日本人は両手を広げて外に向かって行く姿勢ではなく、背を丸めて自分の手の指を見つめる内向きの姿勢が身についた。

この内向きの姿勢は、争いを好まない平和志向の意識を育てた。妥協し許して何ごとも〝まるくおさめる〟をよしとした。裏側や深い部分にある汚い面に目をふさいで〝キレイゴト〟として片づける習慣が身についた。

小さい問題にこだわり、大きい問題から目を逸(そら)して危機に陥ることを政治も経営も繰り返している。国民がみな同じ意識なので、敗北と大きい失敗の後でないと目覚めない。

トランプ大統領のアメリカ議会襲撃事件で思ったこと。

また映画の話。西部劇はインディアン退治の騎兵隊ものが、人種差別反対で制作をやめた。その後は「復讐」と「悪人征伐」が主題の映画が大半である。

大牧場主が町を牛耳って横暴の限りを尽くす、反抗する正義の保安官。
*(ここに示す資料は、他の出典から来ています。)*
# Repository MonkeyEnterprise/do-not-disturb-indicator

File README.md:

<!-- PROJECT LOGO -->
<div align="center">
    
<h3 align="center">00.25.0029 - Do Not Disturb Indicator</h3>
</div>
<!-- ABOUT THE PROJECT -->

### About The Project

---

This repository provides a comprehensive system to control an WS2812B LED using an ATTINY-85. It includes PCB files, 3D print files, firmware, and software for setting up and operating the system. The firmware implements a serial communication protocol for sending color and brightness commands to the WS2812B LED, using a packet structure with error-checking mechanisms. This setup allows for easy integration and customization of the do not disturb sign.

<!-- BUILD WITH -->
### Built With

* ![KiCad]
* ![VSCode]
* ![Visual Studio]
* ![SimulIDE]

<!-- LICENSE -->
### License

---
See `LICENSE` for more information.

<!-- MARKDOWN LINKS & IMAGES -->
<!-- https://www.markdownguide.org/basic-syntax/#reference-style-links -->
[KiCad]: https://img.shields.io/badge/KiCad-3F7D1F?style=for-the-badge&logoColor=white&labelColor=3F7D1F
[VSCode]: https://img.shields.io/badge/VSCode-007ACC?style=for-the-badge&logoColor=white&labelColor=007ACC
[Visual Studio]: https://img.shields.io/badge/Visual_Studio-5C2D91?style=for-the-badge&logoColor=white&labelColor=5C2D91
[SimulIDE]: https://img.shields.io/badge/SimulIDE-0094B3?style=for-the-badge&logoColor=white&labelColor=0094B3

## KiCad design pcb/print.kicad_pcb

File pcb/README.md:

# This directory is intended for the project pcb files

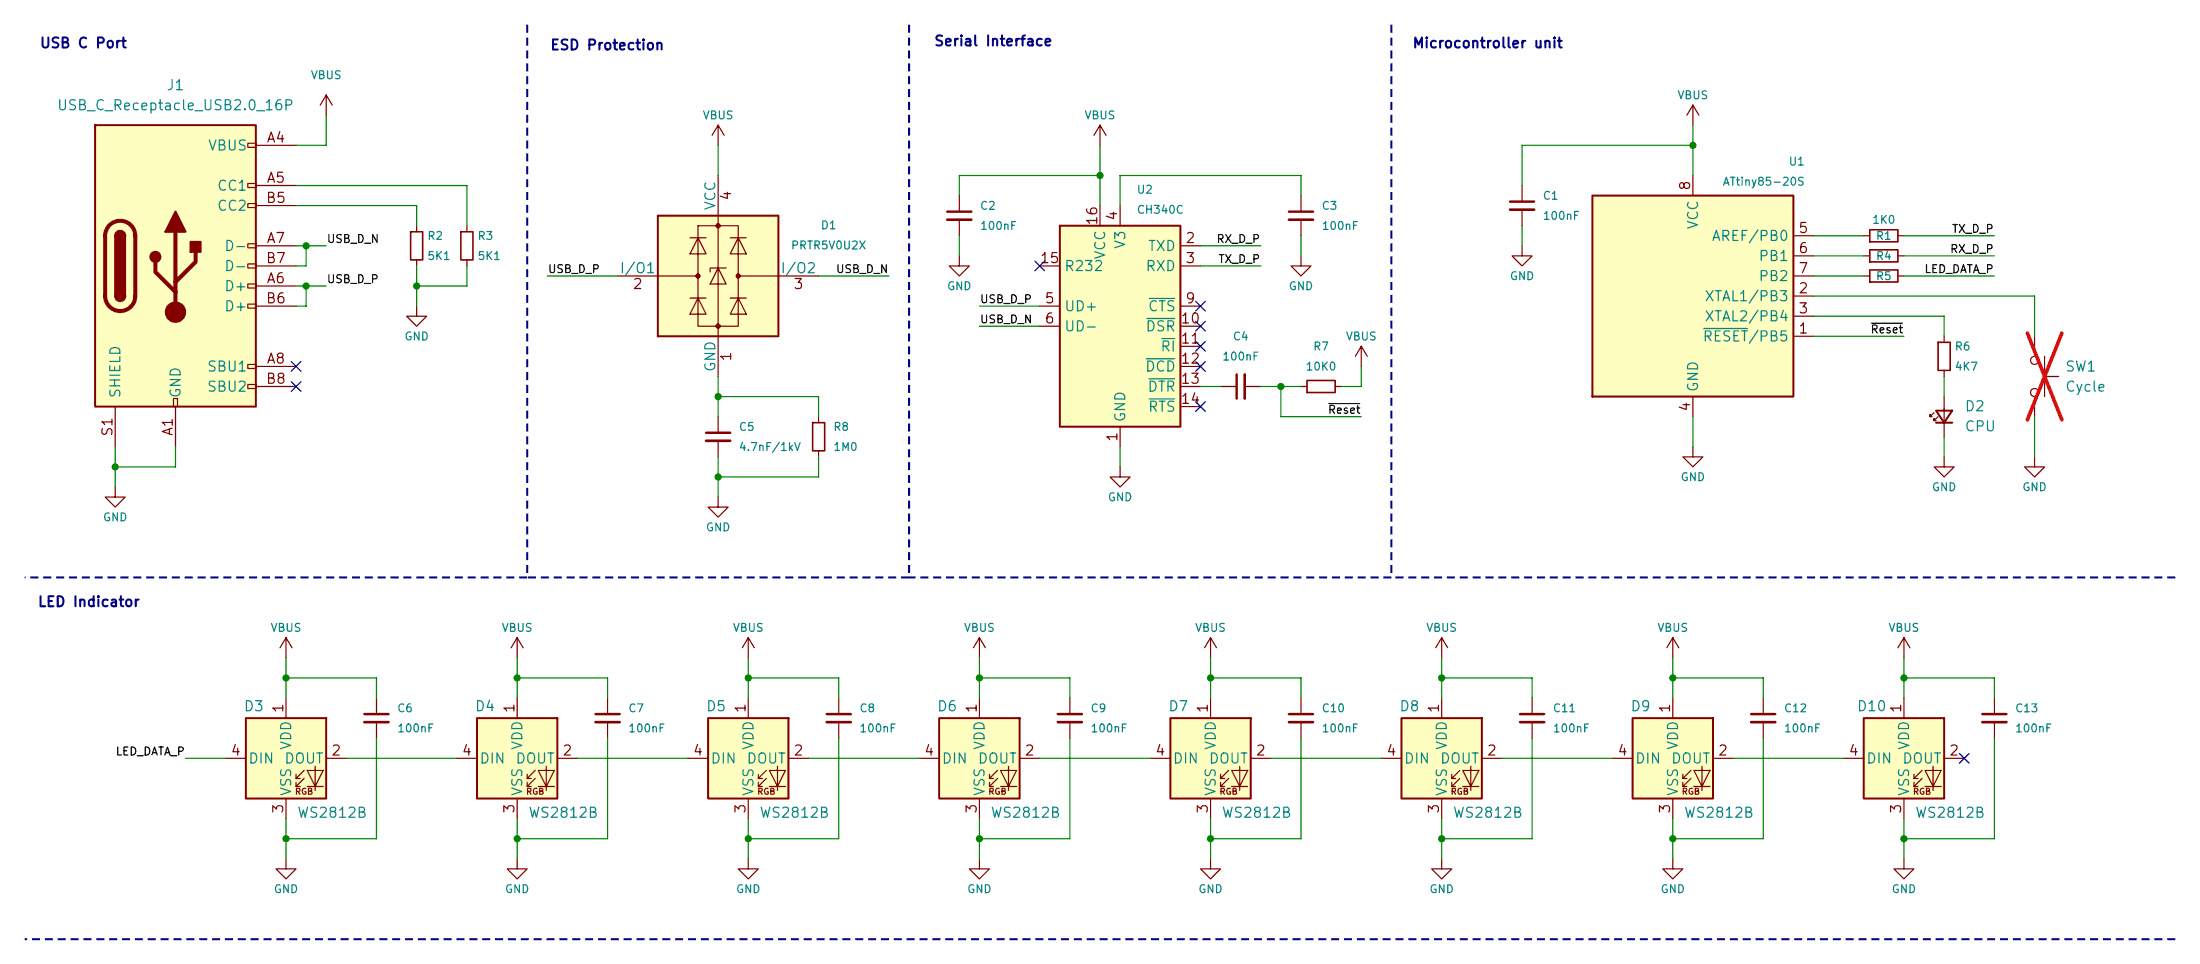
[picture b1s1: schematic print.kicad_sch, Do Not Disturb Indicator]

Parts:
C1, C2, C3, C4, C6, C7, C8, C9, C10, C11, C12, C13: 100nF; C_0402_1005Metric; LCSC C1525
C5: 4.7nF/1kV; C_0402_1005Metric; LCSC C1538
D1: PRTR5V0U2X; SOT-143; LCSC C12333
D2: CPU; D_0603_1608Metric; LCSC C2286
D3, D4, D5, D6, D7, D8, D9, D10: WS2812B; LED_WS2812B_PLCC4_5.0x5.0mm_P3.2mm; LCSC C2843785
J1: USB_C_Receptacle_USB2.0_16P; USB_C_Receptacle_GCT_USB4105-xx-A_16P_TopMnt_Horizontal; LCSC C2765186
R1, R4, R5: 1K0; R_0402_1005Metric; LCSC C25744
R2, R3: 5K1; R_0402_1005Metric; LCSC C25905
R6: 4K7; R_0402_1005Metric; LCSC C25900
R7: 10K0; R_0402_1005Metric; LCSC C25744
R8: 1M0; R_0402_1005Metric; LCSC C26083
SW1: Cycle; SW_PUSH_6mm_H4.3mm; not fitted
U1: ATtiny85-20S; SOIC-8_5.3x5.3mm_P1.27mm; LCSC C31540447
U2: CH340C; SOIC-16_3.9x9.9mm_P1.27mm; LCSC C84681

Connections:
/LED_DATA_P: D3.4 (DIN), R5.2
/RX_D_P: R4.2, U2.2 (TXD)
/TX_D_P: R1.2, U2.3 (RXD)
/USB_D_N: D1.3 (I/O2), J1.A7 (D-), J1.B7 (D-), U2.6 (UD-)
/USB_D_P: D1.2 (I/O1), J1.A6 (D+), J1.B6 (D+), U2.5 (UD+)
/~Reset: C4.2, R7.1, U1.1 (~RESET/PB5)
GND: C1.2, C2.2, C3.2, C5.2, C6.2, C7.2, C8.2, C9.2, C10.2, C11.2, C12.2, C13.2, D2.1 (K), D3.3 (VSS), D4.3 (VSS), D5.3 (VSS), D6.3 (VSS), D7.3 (VSS), D8.3 (VSS), D9.3 (VSS), D10.3 (VSS), J1.A1 (GND), J1.A12 (GND), J1.B1 (GND), J1.B12 (GND), J1.S1 (SHIELD), R2.2, R3.2, R8.2, SW1.2, U1.4 (GND), U2.1 (GND)
unnamed: C5.1, D1.1 (GND), R8.1
unnamed: D2.2 (A), R6.2
unnamed: D3.2 (DOUT), D4.4 (DIN)
unnamed: D4.2 (DOUT), D5.4 (DIN)
unnamed: D5.2 (DOUT), D6.4 (DIN)
unnamed: D6.2 (DOUT), D7.4 (DIN)
unnamed: D7.2 (DOUT), D8.4 (DIN)
unnamed: D8.2 (DOUT), D9.4 (DIN)
unnamed: D9.2 (DOUT), D10.4 (DIN)
unnamed: J1.A5 (CC1), R3.1
unnamed: J1.B5 (CC2), R2.1
unnamed: R1.1, U1.5 (AREF/PB0)
unnamed: R4.1, U1.6 (PB1)
unnamed: R5.1, U1.7 (PB2)
unnamed: SW1.1, U1.2 (XTAL1/PB3)
unnamed: R6.1, U1.3 (XTAL2/PB4)
unnamed: C3.1, U2.4 (V3)
unnamed: C4.1, U2.13 (~DTR)
VBUS: C1.1, C2.1, C6.1, C7.1, C8.1, C9.1, C10.1, C11.1, C12.1, C13.1, D1.4 (VCC), D3.1 (VDD), D4.1 (VDD), D5.1 (VDD), D6.1 (VDD), D7.1 (VDD), D8.1 (VDD), D9.1 (VDD), D10.1 (VDD), J1.A4 (VBUS), J1.A9 (VBUS), J1.B4 (VBUS), J1.B9 (VBUS), R7.2, U1.8 (VCC), U2.16 (VCC)

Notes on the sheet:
USB C Port
Microcontroller unit
Serial Interface
LED Indicator
ESD Protection

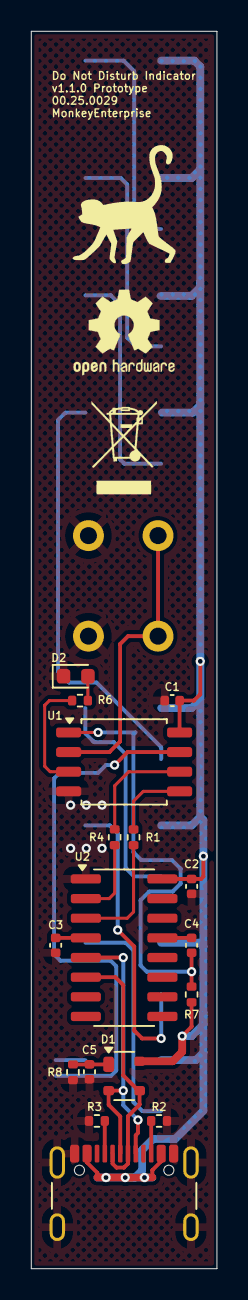
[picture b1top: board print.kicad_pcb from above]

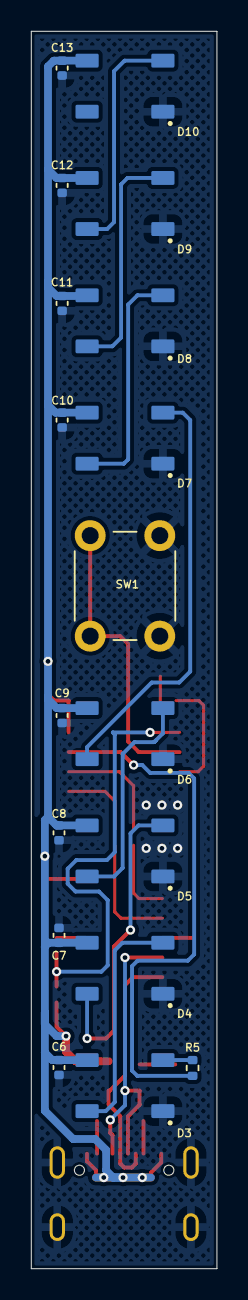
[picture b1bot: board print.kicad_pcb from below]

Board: 2 copper layers, 12.0 x 80.0 mm, 35 parts (18 on the bottom side), 26 nets.

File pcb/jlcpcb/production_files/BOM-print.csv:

Comment,Designator,Footprint,LCSC,Quantity
PRTR5V0U2X,D1,SOT-143,C12333,1
100nF,"C1,C10,C11,C12,C13,C2,C3,C4,C6,C7,C8,C9",C_0402_1005Metric,C1525,12
4.7nF/1kV,C5,C_0402_1005Metric,C1538,1
CPU,D2,D_0603_1608Metric,C2286,1
1K0,"R1,R4,R5,R7",R_0402_1005Metric,C25744,4
4K7,R6,R_0402_1005Metric,C25900,1
5K1,"R2,R3",R_0402_1005Metric,C25905,2
1M0,R8,R_0402_1005Metric,C26083,1
USB_C_Receptacle_USB2.0_16P,J1,USB_C_Receptacle_GCT_USB4105-xx-A_16P_TopMnt_Horizontal,C2765186,1
WS2812B,"D10,D3,D4,D5,D6,D7,D8,D9",LED_WS2812B_PLCC4_5.0x5.0mm_P3.2mm,C2843785,8
ATtiny85-20S,U1,SOIC-8_5.3x5.3mm_P1.27mm,C31540447,1
CH340C,U2,SOIC-16_3.9x9.9mm_P1.27mm,C84681,1

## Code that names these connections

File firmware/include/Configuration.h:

/**
 * @file Configuration.h
 * @brief Configuration header file for the device firmware.
 *
 * @copyright (c) 2025 Lorenzo Pouw, PouwerTronics/MonkeyEnterprise.
 * Licensed under the BSD license. This notice must remain in all redistributions.
 */

#ifndef __CONFIGURATION_H__
#define __CONFIGURATION_H__

#include <Arduino.h>
#include <Adafruit_NeoPixel.h>

// Define the CPU frequency for the AVR microcontroller
// ------- Hardware Configuration -------
#define TX_PIN PB0
#define RX_PIN PB1
#define LED_PIN PB2
#define CPU_PIN PB4
#define BUTTON_PIN PB3

// ------- Software Configuration -------
#define BAUD_RATE 9600
#define LED_COUNT 8
#define LED_TYPE NEO_GRB + NEO_KHZ800

// ------- Global Variables -------
struct GlobalVar
{
    uint8_t config_version;
    uint8_t mode;
    uint8_t red_mode0, green_mode0, blue_mode0, brightness_mode0;
    uint8_t red_mode1, green_mode1, blue_mode1, brightness_mode1;
    uint8_t red_mode2, green_mode2, blue_mode2, brightness_mode2;
};

const GlobalVar defaultCfg = {
    1,               // config_version
    0,               // mode
    255, 0, 0, 255,  // mode 0: red, green, blue, brightness
    0, 255, 0, 255,  // mode 1: red, green, blue, brightness
    255, 255, 0, 255 // mode 2: red, green, blue, brightness
};

#endif // __CONFIGURATION_H__

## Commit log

2025-05-26 Progress update
2025-05-26 First production update.
2025-05-27 Added the firmware.
2025-05-28 Revert changes from last commit.
2025-06-27 pcb v1.1.0 update
2025-07-11 Update config version, ignore .pyc, add log and settings
    Set config_version to 1 in Configuration.h and add '*.pyc' to .gitignore. Added main.log and settings.json files to software directory for application logging and configuration.
2025-10-01 Add 3D model files and update PCB project
    Added new 3D model files in .3mf, .stl, and .wrl formats for the project enclosure. Updated FreeCAD (.FCStd) and KiCad PCB project files to reflect changes related to the new model integration.

牧場主はカウボーイを引き連れて町を襲う。この欲深で身勝手な牧場主がトランプである。

荒田はトランプの言動を〝醜い〟と思った。潔く負けを認めず「選挙の集票に不正があった。謀略だ、ヤッツケロ!」と心服者をたきつけ暴動を起こした。

目をつぶってトランプに拍手することはない。醜いものは醜いのだ。

しかし政治や経営は本来汚ない面、醜い面を持っている。民主主義国家でも浅薄な民意に従って英断しなければならない時もある。

経営も「領土を侵略する独裁国だ」と切り捨てることなく、利益優先でそうした国と商売することもある。清廉潔白だけでは会社は維持できない。

日本人の美意識は、こうした醜い面を許容しない。国を守るため、国益のために、一時的に民の支持を失っても、鬼になって戦う〝指導者〟を引きずり降ろす。

美を尊重するのはよい。醜い面、裏側、トゲの部分、汚いものの価値も認める。外向きの広い視野に立つ〝大人の美意識〟を身につけなければならない。